So the private/public pages thing gets a little tricky and it has been on my
mind since I started the project. Pages are actually default to public but
that doesn't mean open to the internet. What that public means in this case is
that any registered user can search/find and view the page. In short it
basically works more like facebook and not myspace.

After viewing a few other sites that provide guestbook/forum type services I
noticed that a lot of people (moms/dads/grandma) seem to be more willing to
post emails and other contact information publicly because they trust the site
for some reason. Which means google could crawl that.

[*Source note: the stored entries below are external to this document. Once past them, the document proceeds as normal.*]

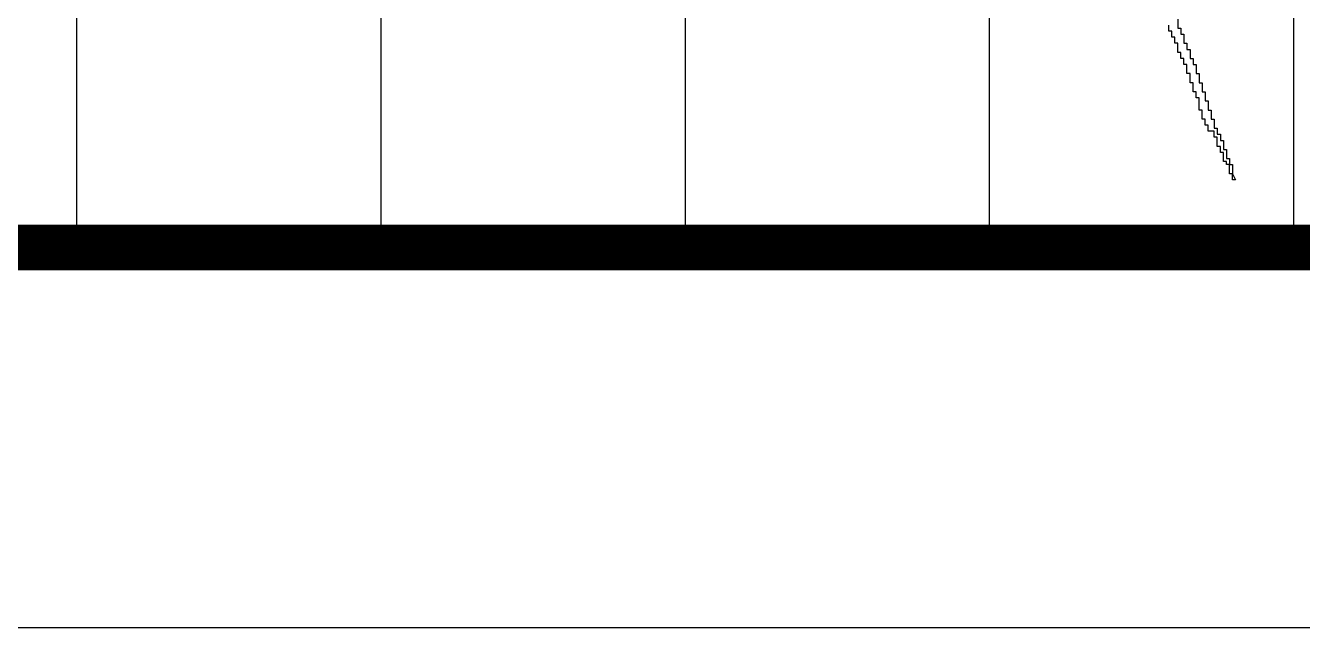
# Model space of a CAD drawing. Header units: millimetres. Extents: x 434053 to 1059003, y -2417481 to 936527.
# Drawn here: x 536240 to 537918, y -1807326 to -1806534 of the extents above; entities that cross this region are included whole.
import ezdxf

# ---------------------------------------------------------------- set-up
doc = ezdxf.new("R2010")
doc.units = ezdxf.units.MM
doc.header["$LTSCALE"] = 1000
doc.header["$MEASUREMENT"] = 0
for name, color, linetype in [('A-ANNO-TTLB', 7, 'Continuous'), ('TITLIN', 7, 'Continuous'), ('图框层', 3, 'Continuous'), ('电子签名', 6, 'Continuous')]:
    doc.layers.add(name, color=color, linetype=linetype)

# ---------------------------------------------------------------- blocks, each defined once
blk = doc.blocks.new('A$C6C634642')
at = {"linetype": 'Continuous'}
blk.add_lwpolyline([(965000, 270000), (980000, 270000), (980000, 275000), (990000, 275000), (990000, 280000), (1005000, 280000), (1005000, 285000), (1015000, 285000), (1015000, 290000), (1030000, 290000), (1030000, 295000), (1040000, 295000), (1040000, 300000), (1055000, 300000), (1055000, 305000), (1070000, 305000), (1070000, 310000), (1085000, 310000), (1085000, 315000), (1100000, 315000), (1100000, 320000), (1115000, 320000), (1115000, 325000), (1130000, 325000), (1130000, 330000), (1145000, 330000), (1145000, 335000), (1155000, 335000), (1155000, 340000), (1165000, 340000), (1165000, 345000), (1180000, 345000), (1180000, 350000), (1195000, 350000), (1195000, 355000), (1205000, 355000), (1205000, 360000), (1220000, 360000), (1230000, 365000), (1230000, 360000), (1225000, 360000), (1220000, 360000), (1220000, 355000), (1215000, 355000), (1210000, 355000), (1205000, 355000), (1205000, 350000), (1200000, 350000), (1200000, 345000), (1195000, 345000), (1190000, 345000), (1185000, 345000), (1185000, 340000), (1180000, 340000), (1175000, 340000), (1175000, 335000), (1170000, 335000), (1165000, 335000), (1160000, 335000), (1160000, 330000), (1155000, 330000), (1150000, 330000), (1150000, 325000), (1150000, 320000), (1145000, 320000), (1140000, 320000), (1140000, 315000), (1135000, 315000), (1130000, 315000), (1130000, 310000), (1125000, 310000), (1120000, 310000), (1115000, 310000), (1115000, 305000), (1110000, 305000), (1105000, 305000), (1100000, 305000), (1095000, 305000), (1095000, 300000), (1090000, 300000), (1085000, 300000), (1085000, 295000), (1080000, 295000), (1075000, 295000), (1070000, 295000), (1070000, 290000), (1065000, 290000), (1060000, 290000), (1055000, 290000), (1055000, 285000), (1050000, 285000), (1045000, 285000), (1040000, 285000), (1040000, 280000), (1035000, 280000), (1030000, 280000), (1030000, 275000), (1025000, 275000), (1020000, 275000), (1020000, 270000), (1015000, 270000), (1010000, 270000), (1005000, 270000), (1005000, 265000), (1000000, 265000), (995000, 265000), (995000, 260000), (990000, 260000), (985000, 260000), (985000, 255000), (980000, 255000), (975000, 255000)], dxfattribs=at)
blk = doc.blocks.new('A$C62AF6C70')
at = {"layer": '电子签名'}
blk.add_lwpolyline([(0, 0), (0, 10382.2), (2510.4, 10382.2), (2510.4, 0)], close=True, dxfattribs=at)
at = {"layer": '电子签名', "xscale": 0.001595915279045558, "yscale": 0.001595915279045558, "zscale": 0.001595915279045558}
blk.add_blockref('A$C6C634642', (369.2, 6447.2), dxfattribs=at)
blk = doc.blocks.new('asdgdfgsghfdjfh')
at = {"xscale": 0.01000000000265255, "yscale": 0.01000000000265255, "zscale": 0.01000000000265255}
blk.add_blockref('A$C62AF6C70', (-25.104, 100.293), dxfattribs=at)
blk = doc.blocks.new('asdfgafg21GZ_LABEL2')
at = {"layer": 'TITLIN'}
for p, q in [((-46.679, 172.115), (0, 172.115)), ((-46.679, 164.115), (0, 164.115)), ((-65, 156.115), (0, 156.115)), ((-46.679, 148.115), (0, 148.115)), ((-46.679, 140.115), (0, 140.115))]:
    blk.add_line(p, q, dxfattribs=at)
blk = doc.blocks.new('asdfgafgA$C15443CC7')
at = {"layer": 'A-ANNO-TTLB'}
blk.add_lwpolyline([(52200, 0), (209850, 0), (209850, 89100), (52200, 89100)], close=True, dxfattribs=at)
at = {"layer": 'A-ANNO-TTLB', "const_width": 180}
blk.add_lwpolyline([(55950, 1500), (208350, 1500), (208350, 87600), (55950, 87600)], close=True, dxfattribs=at)
at = {"layer": '图框层', "xscale": 150.0000000300889, "yscale": 150.0000000300889, "zscale": 150.0000000300889}
blk.add_blockref('asdfgafg21GZ_LABEL2', (208350, 1500), dxfattribs=at)
blk = doc.blocks.new('asdfadfsdhg')
at = {"xscale": 0.3333333333333333, "yscale": 0.3333333333333333, "zscale": 0.3333333333333333, "rotation": 270}
blk.add_blockref('asdfgafgA$C15443CC7', (0, 69950), dxfattribs=at)
at = {"layer": '图框层', "xscale": 50, "yscale": 50, "zscale": 50, "rotation": 270}
blk.add_blockref('asdgdfgsghfdjfh', (500, 500), dxfattribs=at)

msp = doc.modelspace()

# ---------------------------------------------------------------- block references
msp.add_blockref('asdfadfsdhg', (528800.9, -1807326.3))

doc.saveas('drawing.dxf')

Of course, as I mentioned I'm not convinced 100% yet that this is the right
way to do it. There are definitely many people who just want to view the page
and not bother with signing up. The alternative is to make public pages open
to the internet so that any unregistered user can view it.

But that makes things interesting for the private pages. Thats because when we
ask for the 'password' for a page we actually only ask for it once and then
store the fact that you now have permission to view the missionary in the DB.
Maybe the solution is to either create a cookie if they aren't a registered
user or store it in the db if they are?

------
fefzero
I think the purpose is pretty clear, but it would be nice to have an actual
demo instead of just screen shots. One thing that seemed a bit off to me was
inconsistent capitalization: "missionary" is sometimes capitalized and
sometimes not (I would suggest that it not be capitalized) and the sentence at
the top (Share your Missionary's Photos, Experiences and More with your
Friends and Family!) seems like it it's too long to have most of the words
capitalized. I think it'd be easier to read in all lowercase.

I agree with patio11 on the lightbox effect, but I still think it needs some
sort of tour or demo instead of just screenshots. I visited a similar site
recently (not for missionaries, but for high school graduating classes), and
I'm leery of creating an account here just because that site had poor
usability and about ten pages for registration.

------
omnivore
Really good niche to target, especially for missionaries in places with bad
mail service. I think the design fits the target audience well and it should
be interesting to see how well it takes off for you.

------
vyrotek
Clickable Link - <http://www.OnMyMission.com>

------
timothychung
It is a good tool. Why don't you rename it to be a trip sharing app?

More general will give you larger market and you will get more feedback. :-)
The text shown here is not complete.